Stored items:
★ ★ ★ ★ ★
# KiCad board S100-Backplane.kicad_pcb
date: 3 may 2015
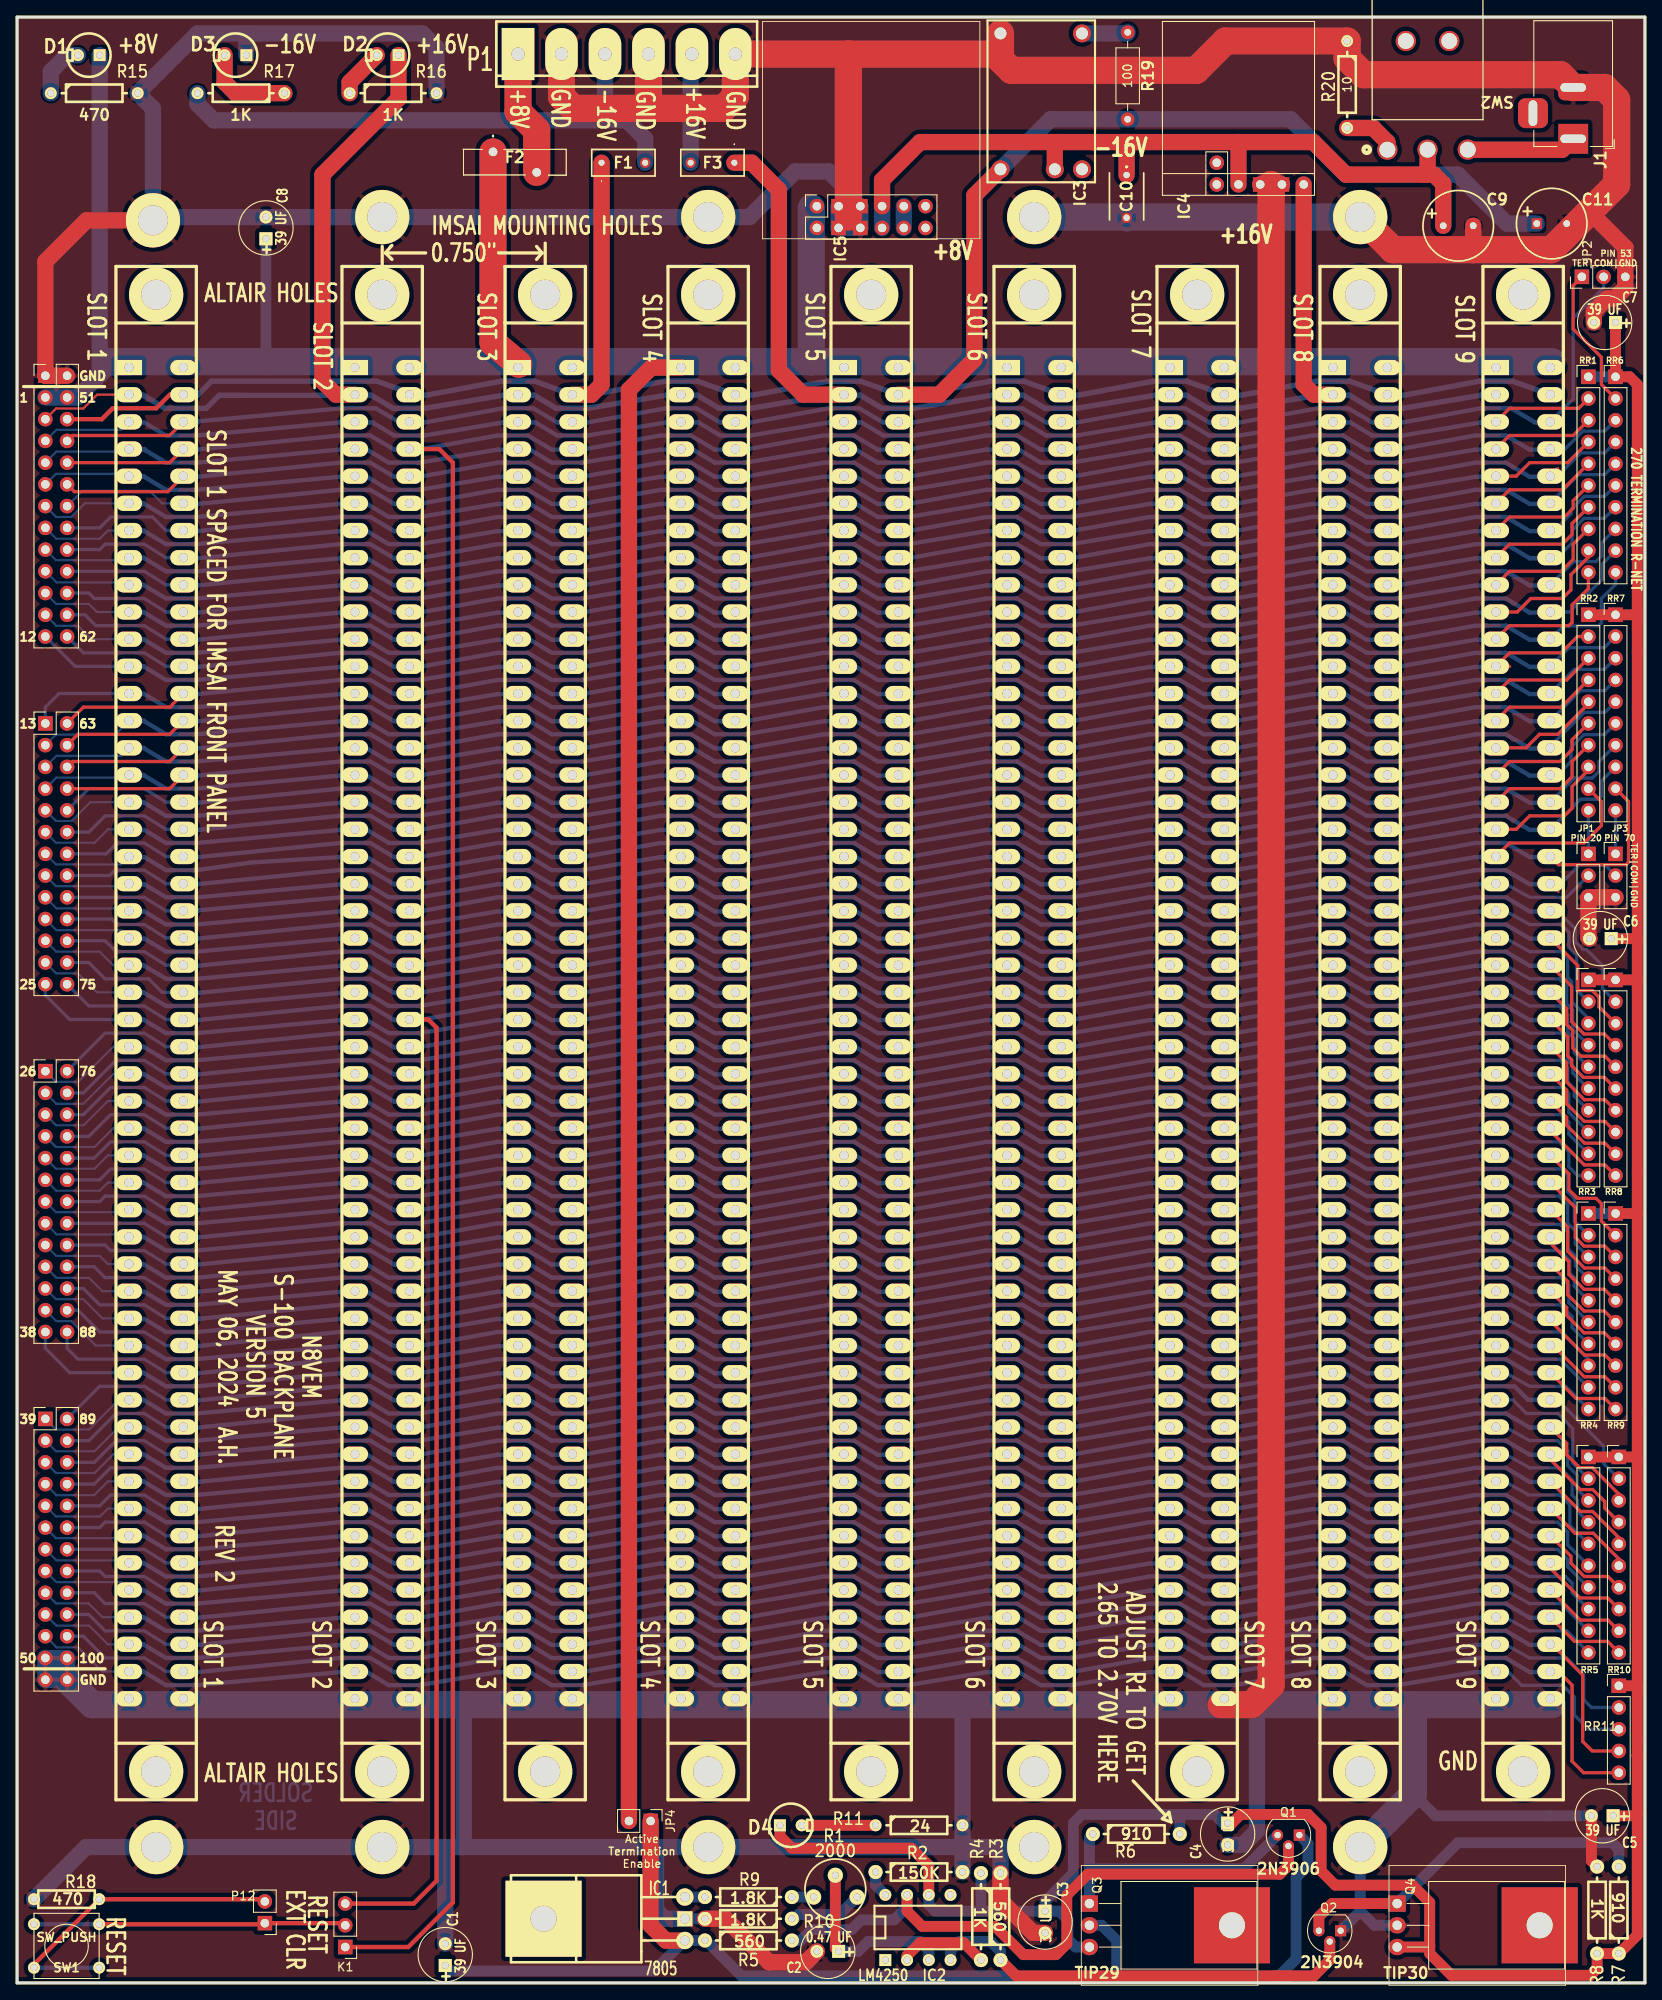
[diagram p0: board, top side]
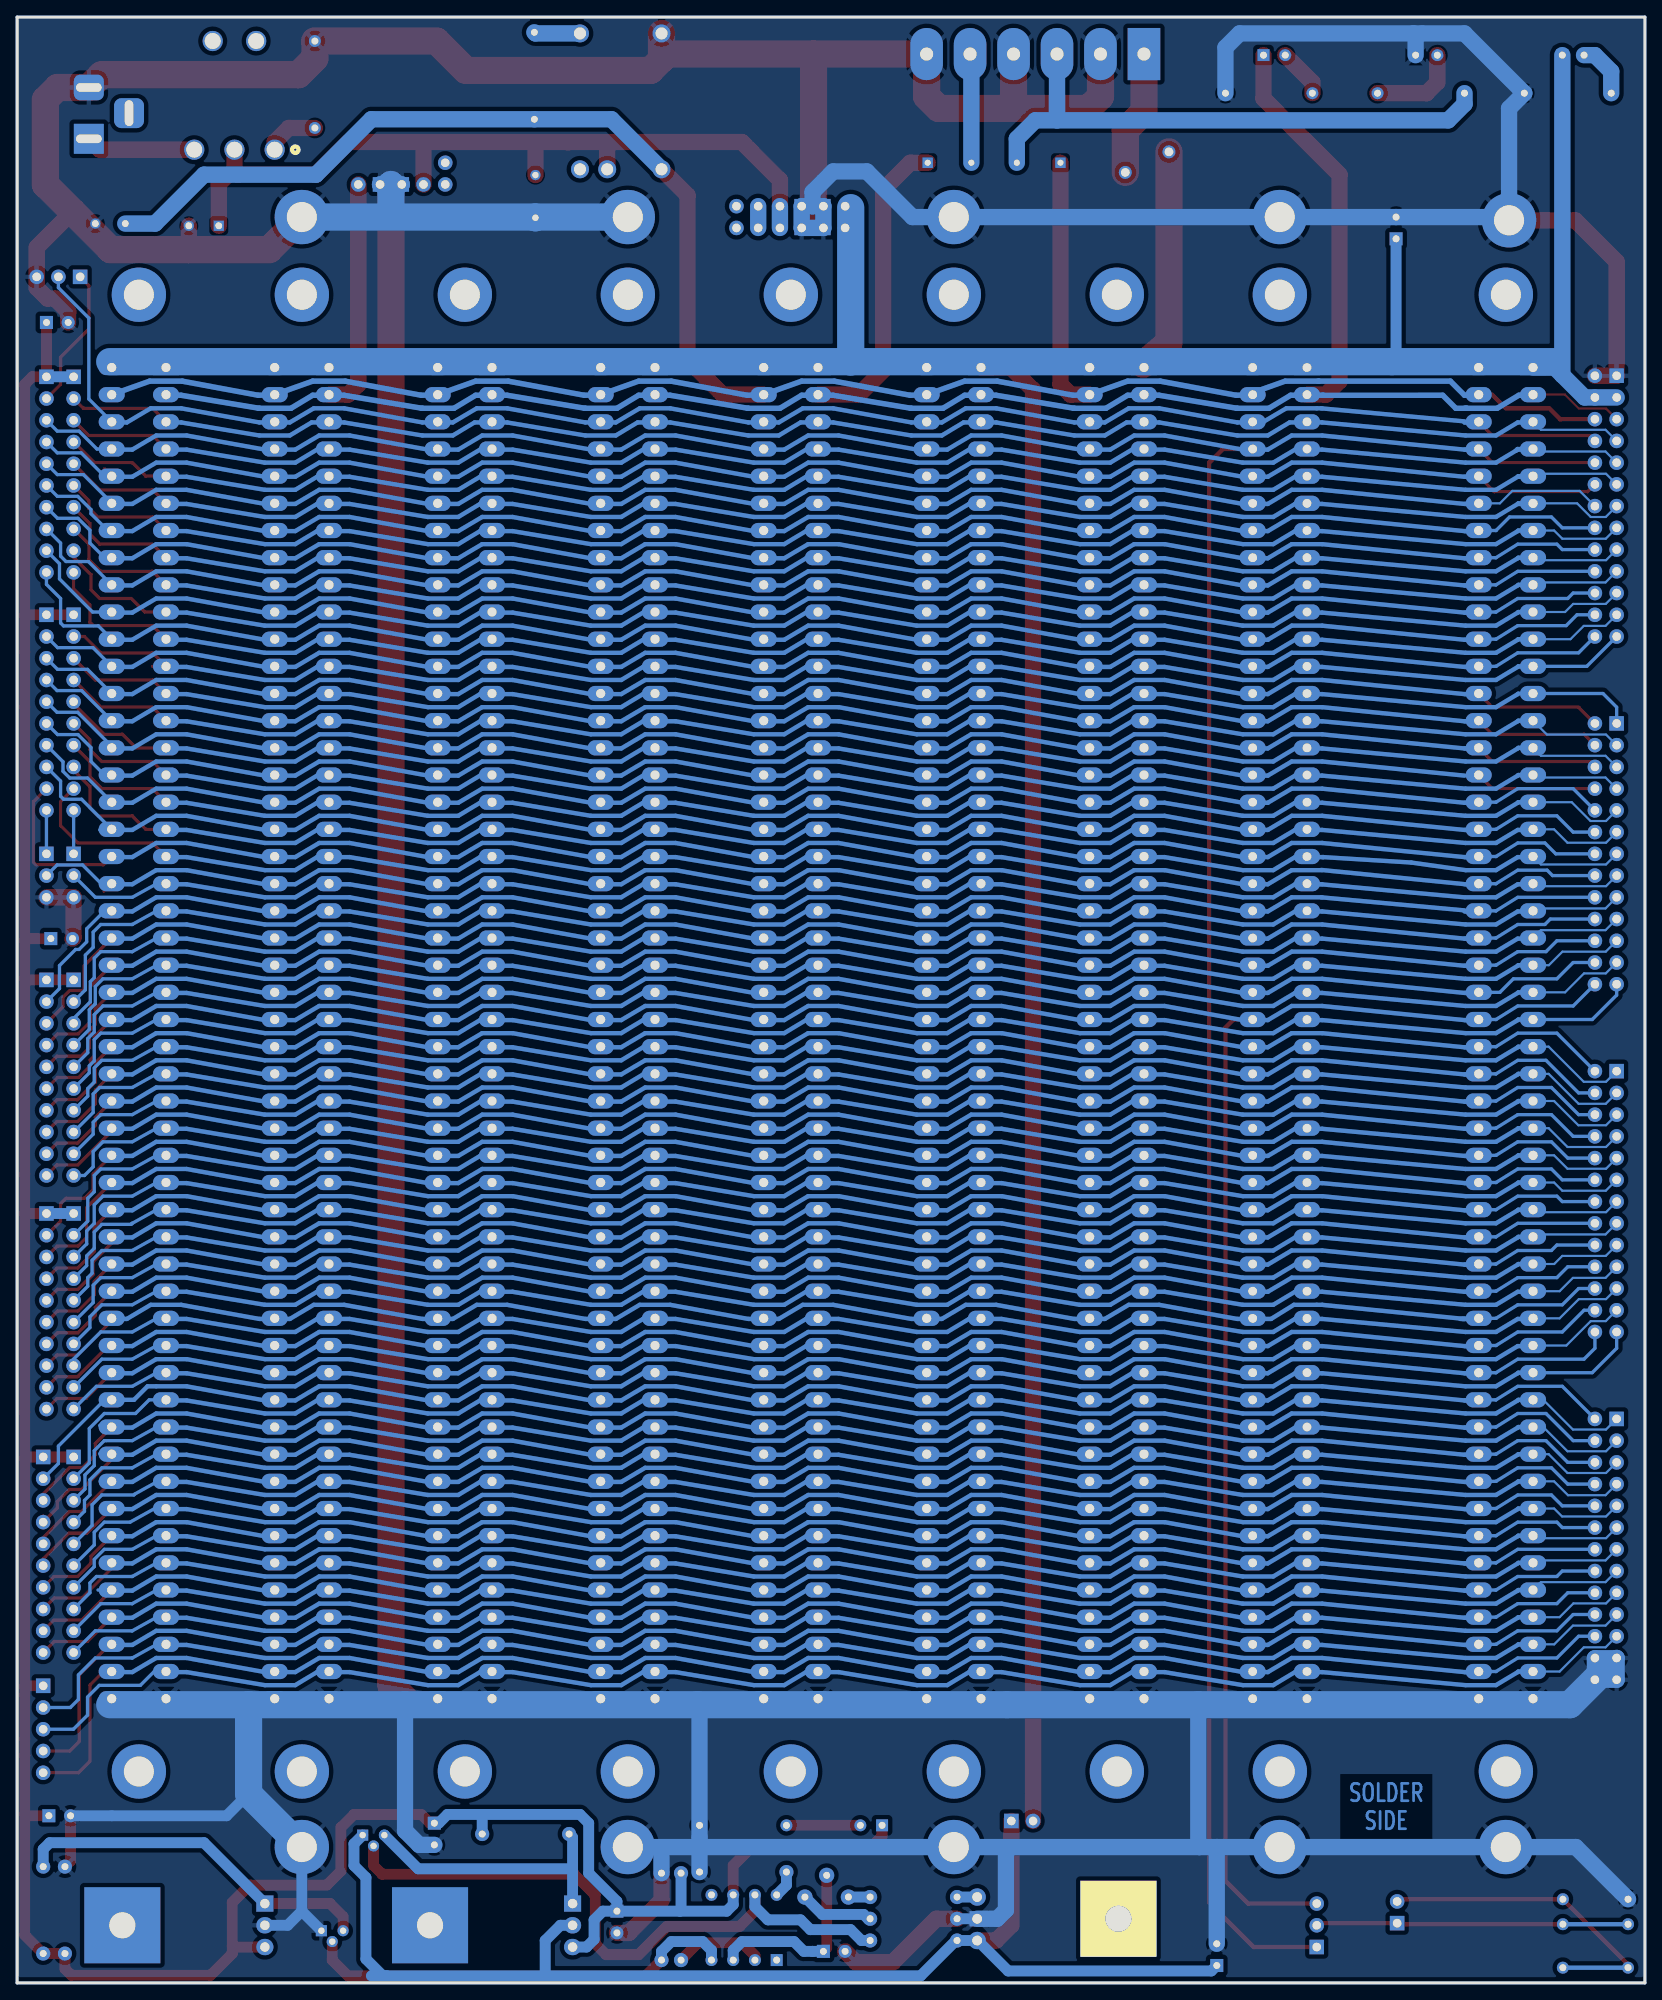
[diagram p1: board, bottom side, seen from below]

Outline 190.25 x 229.74 mm; copper layers: Component, Copper. Coordinates in mm from the lower left corner of the outline.
Outline path: 0,229.74 0,0 190.25,0 190.25,229.74 0,229.74
Stack: Component 0.035mm / dielectric 1.51mm FR4 er 4.5 / Copper 0.035mm

## Placement (name value [footprint] x y rotation side)
C1  39 UF  [C1V7]  50.04 3.3 90 top
C2  0.47 UF  [C1V7]  94.74 3.68 180 top
C3  39 UF  [C1V7]  120.14 7.11 270 top
C4  39 UF  [C1V7]  141.48 17.4 270 top
C5  39 UF  [C1V7]  185.27 19.53 180 top
C6  39 UF  [C1V7]  185.04 122.05 180 top
C7  39 UF  [C1V7]  185.55 194.06 180 top
C8  39 UF  [C1V7]  29.08 205.11 90 top
C9  100uF 50V  [CAPPRD350W60D825H1350]  166.68 205.36 0 top
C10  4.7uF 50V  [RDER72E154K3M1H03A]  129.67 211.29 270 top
★ ★ ★ ★ ★
## Exercise goal
The lines from the one holding "50.04 3.3 90 top" to the end of the entries are to be repeated exactly, with both ends included and nothing else.

## Response
C1  39 UF  [C1V7]  50.04 3.3 90 top
C2  0.47 UF  [C1V7]  94.74 3.68 180 top
C3  39 UF  [C1V7]  120.14 7.11 270 top
C4  39 UF  [C1V7]  141.48 17.4 270 top
C5  39 UF  [C1V7]  185.27 19.53 180 top
C6  39 UF  [C1V7]  185.04 122.05 180 top
C7  39 UF  [C1V7]  185.55 194.06 180 top
C8  39 UF  [C1V7]  29.08 205.11 90 top
C9  100uF 50V  [CAPPRD350W60D825H1350]  166.68 205.36 0 top
C10  4.7uF 50V  [RDER72E154K3M1H03A]  129.67 211.29 270 top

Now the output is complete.